Collected data entries:
--- --- ---
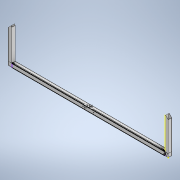
# Autodesk Inventor part: Base_Fundo_Suporte_Lamina
Saved by Autodesk Inventor 2020.4 (Build 244396000, 396)
## iProperties
Created: 2021-05-07
Part Number: Base_Fundo_Suporte_Lamina
Material: Genérico
Document SubType Name: Modeling
Designer: Alison
Density: 1 g/cm^3
Appearance: Padrão
Author: Alison
Autodesk Inventor part; units mm, degrees
ref_plane "YZ Plane" through (0, 0, 0) normal (1, 0, 0) x (0, 1, 0)
ref_plane "XZ Plane" through (0, 0, 0) normal (0, 1, 0) x (-1, 0, 0)
ref_plane "XY Plane" through (0, 0, 0) normal (0, 0, 1) x (1, 0, 0)
sketch "Esboço1" plane through (0, 0, 0) normal (0, 1, 0) x (-1, 0, 0)
  line L0 (0, 0) -> (40, 0)
  line L1 (40, 0) -> (40, -40)
  line L2 (40, -40) -> (0, -40)
  line L3 (0, -40) -> (0, 0)
  line L4 (0, 0) -> (1.5, 0)
  line L5 (1.5283, -1.4997) -> (38.5283, -1.4997)
  line L6 (38.5283, -1.4997) -> (38.5283, -38.4997)
  line L7 (38.5283, -38.4997) -> (1.5283, -38.4997)
  line L8 (1.5283, -38.4997) -> (1.5283, -1.4997)
  line L9 (1804, 0) -> (1764, 0)
  line L10 (1764, 0) -> (1764, -40)
  line L11 (1764, -40) -> (1804, -40)
  line L12 (1804, -40) -> (1804, 0)
  line L13 (1804, 0) -> (1802.5, 0)
  line L14 (1804, -1.4997) -> (1804, 0)
  line L15 (1802.5, -1.4997) -> (1765.5, -1.4997)
  line L16 (1765.5, -1.4997) -> (1765.5, -38.4997)
  line L17 (1765.5, -38.4997) -> (1802.5, -38.4997)
  line L18 (1802.5, -38.4997) -> (1802.5, -1.4997)
  line L19 (38.5283, -1.4997) -> (1.5283, -1.4997)
  line L20 (1.5283, -1.4997) -> (1.5283, -38.4997)
  line L21 (1.5283, -38.4997) -> (38.5283, -38.4997)
  line L22 (38.5283, -38.4997) -> (38.5283, -1.4997)
  dimension "d0" = 40
  dimension "d1" = 40
  dimension "d2" = 1.5
  dimension "d3" = 1.5
  dimension "d4" = 37
  dimension "d5" = 37
  dimension "d6" = 1804
  dimension "d8" = 40
  dimension "d9" = 40
  dimension "d10" = 1.5
  dimension "d11" = 37
  dimension "d12" = 37
  dimension "d15" = 37
  dimension "d16" = 37
  constraints: 46 end point, 10 parallel, 6 horizontal, 5 perpendicular, 1 point on line
  measures "d0" distance of L1.end L2.end
  measures "d1" distance of L0.end L1.end
  measures "d2" distance of L0.start L4.end
  measures "d3" distance of L4.end L5.start
  measures "d4" distance of L6.end L7.end
  measures "d5" distance of L5.end L6.end
  measures "d6" distance of L0.start L9.start
  measures "d8" distance of L11.end L10.end
  measures "d9" distance of L10.end L9.end
  measures "d10" distance of L14.start L15.start
  measures "d11" distance of L17.end L16.end
  measures "d12" distance of L16.end L15.end
  measures "d15" distance of L21.end L7.end
  measures "d16" distance of L7.end L19.end
extrude "Extrusão1" add sketch "Esboço1" along normal blind 400
sketch "Esboço2" plane through (0, 0, 0) normal (0, 1, 0) x (-1, 0, 0)
  line L0 (38.4659, -1.6068) -> (1.4659, -1.6068)
  line L1 (1.4659, -1.6068) -> (1.4659, -38.6068)
  line L2 (1.4659, -38.6068) -> (38.4659, -38.6068)
  line L3 (38.4659, -38.6068) -> (38.4659, -1.6068)
  point P0 (0, 0)
  dimension "d17" = 37
  dimension "d18" = 37
  constraints: 8 end point, 2 parallel, 1 horizontal, 1 perpendicular
  measures "d17" distance of L2.end L1.end
  measures "d18" distance of L1.end L0.end
extrude "Extrusão2" add sketch "Esboço2" along normal blind 1.5
sketch "Esboço3" plane through (0, 0, 0) normal (0, 1, 0) x (-1, 0, 0)
  line L0 (1802.5, -38.4997) -> (1765.5, -38.4997) projected
  line L1 (1765.5, -38.4997) -> (1765.5, -1.4997) projected
  line L2 (1802.5, -38.4997) -> (1765.5, -38.4997)
  line L3 (1765.5, -38.4997) -> (1765.5, -1.4997)
  line L4 (1765.5, -1.4997) -> (1802.5, -1.4997)
  line L5 (1802.5, -1.4997) -> (1802.5, -38.4997)
  point P0 (0, 0)
  constraints: 8 end point, 2 parallel, 1 horizontal, 1 perpendicular
extrude "Extrusão3" add sketch "Esboço3" along normal blind 1.5
sketch "Esboço4" plane through (0, 0, 0) normal (0, 0, 1) x (1, 0, 0)
  line L0 (-40, 0) -> (-40, 400) projected
  line L1 (-40, 0) -> (-1764, 0)
  line L2 (-1764, 0) -> (-1764, 44.8822)
  line L3 (-40, 44.8822) -> (-40, 0)
  line L4 (-1764, 0) -> (-40, 0)
  line L5 (-40, 0) -> (-40, 40)
  line L6 (-40, 40) -> (-1764, 40)
  line L7 (-1764, 40) -> (-1764, 0)
  point P0 (0, 0)
  dimension "d23" = 1724
  dimension "d24" = 1724
  dimension "d25" = 40
  constraints: 14 end point, 3 parallel, 2 horizontal, 2 perpendicular
  measures "d23" distance of L2.end L3.start
  measures "d24" distance of L6.end L5.end
  measures "d25" distance of L5.end L4.end
sketch "Esboço7" plane through (0, 0, 0) normal (1, 0, 0) x (0, 1, 0)
  line L0 (0, 0) -> (1.5, 0)
  line L1 (1.5, 0) -> (1.5, -1.5)
  line L2 (1.5, -1.5) -> (0, -1.5)
  line L3 (0, -1.5) -> (0, 0)
  line L4 (1.5, -1.4997) -> (400, -1.4997) projected
  line L5 (1.5, -1.4997) -> (38.5, -1.4997)
  line L6 (38.5, -1.4997) -> (38.5, -38.4997)
  line L7 (38.5, -38.4997) -> (1.5, -38.4997)
  line L8 (1.5, -38.4997) -> (1.5, -1.4997)
  line L9 (0, 0) -> (400, 0) projected
  line L10 (0, 0) -> (40, 0)
  line L11 (40, 0) -> (40, -40)
  line L12 (40, -40) -> (0, -40)
  line L13 (0, -40) -> (0, 0)
  dimension "d44" = 1.5
  dimension "d45" = 1.5
  dimension "d46" = 37
  dimension "d47" = 37
  dimension "d48" = 40
  dimension "d49" = 40
  constraints: 24 end point, 6 parallel, 3 horizontal, 3 perpendicular
  measures "d44" distance of L1.end L2.end
  measures "d45" distance of L0.end L1.end
  measures "d46" distance of L6.end L7.end
  measures "d47" distance of L5.end L6.end
  measures "d48" distance of L11.end L12.end
  measures "d49" distance of L10.end L11.end
extrude "Extrusão6" add sketch "Esboço7" against normal blind 1804 contours L0 L1 L2 L3 | L9 L11 L4 L1 | L2 L8 L7 L6 L4 L11 L12 L13
sketch "Esboço9" plane through (0, 0, -40) normal (0, 0, -1) x (-1, 0, 0)
  line L0 (40, 40) -> (1764, 40) projected
  line L1 (0, 0) -> (0, 400) projected
  point P0 (842, 20)
  point P1 (962, 20)
  point P2 (0, 373)
  dimension "d87" = 20
  dimension "d88" = 20
  dimension "d89" = 120
  dimension "d90" = 842
  measures "d87" distance from line of L0 point (842, 20)
  measures "d88" distance from line of L0 point (962, 20)
  measures "d89" distance of point (962, 20) point (842, 20)
  measures "d90" distance from line of L1 point (842, 20)
hole "Furo2" at (-842, 20, -40) at (-962, 20, -40) direction (0, 0, 1) diameter 10 depth 200
sketch "Esboço10" plane through (-1764, 40, -40) normal (0, 1, 0) x (1, 0, 0)
  line L0 (1764, -40) -> (1764, 0) projected
  line L1 (1724, -40) -> (0, -40) projected
  point P0 (862, -20)
  dimension "d98" = 902
  dimension "d99" = 20
  measures "d98" distance from line of L0 point (862, -20)
  measures "d99" distance from line of L1 point (862, -20)
hole "Furo3" at (-902, 40, -20) direction (0, -1, 0) diameter 10 depth 200
chamfer "Chanfro8" distance 30 angle 45 1 edges at (0, 400, -20)
chamfer "Chanfro9" distance 10 angle 45 1 edges at (-40, 400, -20)
chamfer "Chanfro10" distance 10 angle 45 1 edges at (-1764, 400, -20)
chamfer "Chanfro11" distance 30 angle 45 1 edges at (-1804, 400, -20)
--- --- ---
Task instructions =
All lines above between those holding "line L17 (1765.5, -38.4997)" and "of L7.end L19.end", inclusive, must be set down unchanged, and no other line may be included.

Answer to this problem =
  line L17 (1765.5, -38.4997) -> (1802.5, -38.4997)
  line L18 (1802.5, -38.4997) -> (1802.5, -1.4997)
  line L19 (38.5283, -1.4997) -> (1.5283, -1.4997)
  line L20 (1.5283, -1.4997) -> (1.5283, -38.4997)
  line L21 (1.5283, -38.4997) -> (38.5283, -38.4997)
  line L22 (38.5283, -38.4997) -> (38.5283, -1.4997)
  dimension "d0" = 40
  dimension "d1" = 40
  dimension "d2" = 1.5
  dimension "d3" = 1.5
  dimension "d4" = 37
  dimension "d5" = 37
  dimension "d6" = 1804
  dimension "d8" = 40
  dimension "d9" = 40
  dimension "d10" = 1.5
  dimension "d11" = 37
  dimension "d12" = 37
  dimension "d15" = 37
  dimension "d16" = 37
  constraints: 46 end point, 10 parallel, 6 horizontal, 5 perpendicular, 1 point on line
  measures "d0" distance of L1.end L2.end
  measures "d1" distance of L0.end L1.end
  measures "d2" distance of L0.start L4.end
  measures "d3" distance of L4.end L5.start
  measures "d4" distance of L6.end L7.end
  measures "d5" distance of L5.end L6.end
  measures "d6" distance of L0.start L9.start
  measures "d8" distance of L11.end L10.end
  measures "d9" distance of L10.end L9.end
  measures "d10" distance of L14.start L15.start
  measures "d11" distance of L17.end L16.end
  measures "d12" distance of L16.end L15.end
  measures "d15" distance of L21.end L7.end
  measures "d16" distance of L7.end L19.end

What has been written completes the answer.